A. Exempt Review Category

Research activities qualify for exemption status (i.e., exemption from committee member review), as long as the activity fits into one of the categories below and the activity involves no foreseeable risk. The exempt procedure is authorized by 45 CFR 46.101

Note that the exemptions below do not apply to research involving prisoners.

Exempt Research Categories

1. Research conducted in established or commonly accepted educational settings, involving normal educational practices, such as
• research on regular and special education instructional strategies, OR
• research on the effectiveness of, or the comparison among instructional techniques, curricula, or classroom management methods.


2. Research involving the use of educational tests (cognitive, diagnostic, aptitude, achievement), survey procedures, interview procedures, or observation of public behavior, UNLESS ALL OF THE FOLLOWING CONDITIONS EXIST:
• information obtained is recorded in such a manner that the human subjects can be identified, directly or through identifiers linked to the subjects, AND
• any disclosure of the human subjects' response outside the research could reasonably place the subject at risk of criminal or civil liability or be damaging to the subject's financial standing, employability, or reputation.

The exemption for research involving survey or interview procedures or observation of public behavior does not apply to research with minors (17 years old or younger) except for research involving observations of public behavior when the investigator(s) do not participate in the activities being observed.

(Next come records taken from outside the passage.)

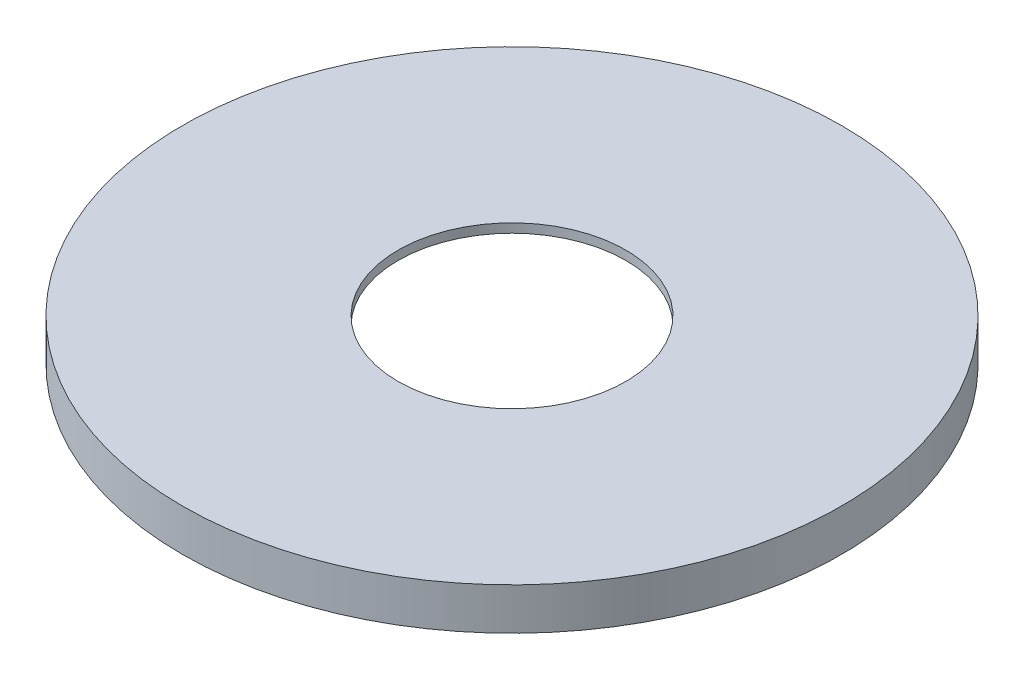
from build123d import *

# Parameters (mm, degrees)
CROQUIS1_R              = 55
SALIENTE_EXTRUIR1_DEPTH = 7
CROQUIS2_R              = 51
CORTAR_EXTRUIR1_DEPTH   = 5.5
CORTAR_EXTRUIR2_REACH   = 80.096
CROQUIS3_R              = 19


with BuildPart() as part:
    # Croquis1 → Saliente-Extruir1 (new body)
    with BuildSketch(Plane(origin=(0, 0, 0), x_dir=(1, 0, 0), z_dir=(0, 1, 0))):
        with Locations(Location((0, 0, 0), (0, 0, 270))):
            Circle(CROQUIS1_R)
    extrude(amount=SALIENTE_EXTRUIR1_DEPTH)

    # Croquis2 → Cortar-Extruir1 (cut)
    with BuildSketch(Plane.XZ):
        with Locations(Location((0, 0, 0), (0, 0, 270))):
            Circle(CROQUIS2_R)
    extrude(amount=-CORTAR_EXTRUIR1_DEPTH, mode=Mode.SUBTRACT)

    # Croquis3 → Cortar-Extruir2 (cut, up to next)
    with BuildSketch(Plane(origin=(0, 7, 0), x_dir=(1, 0, 0), z_dir=(0, 1, 0)), mode=Mode.PRIVATE) as cortar_extruir2_sk1:
        with Locations(Location((0, 0, 0), (0, 0, 270))):
            Circle(CROQUIS3_R)
    cortar_extruir2_tool1 = extrude(cortar_extruir2_sk1.sketch, amount=-CORTAR_EXTRUIR2_REACH, mode=Mode.PRIVATE) & part.part
    add(cortar_extruir2_tool1.solids().sort_by_distance((0, 7, 0))[0], mode=Mode.SUBTRACT)


solid = part.part

3. Research involving the use of educational tests (cognitive, diagnostic, aptitude, achievement), survey procedures, interview procedures, or observation of public behavior that is not exempt under #2 above, if:


• the human subjects are elected or appointed public officials or candidates for public office; OR
• Federal statute(s) require(s) without exception that the confidentiality of the personally identifiable information will be maintained throughout the research and thereafter.



4. Research involving the collection or study of existing data, documents, records, pathological specimens*, or diagnostic specimens*, if these sources are publicly available or the information is recorded by the investigator in such a manner that subjects cannot be identified, directly or through identifiers linked to the subjects. Proposed research involves using specimens that already exist, i.e. already collected and are 'on the shelf', stored or frozen at time of protocol submission to CORIHS.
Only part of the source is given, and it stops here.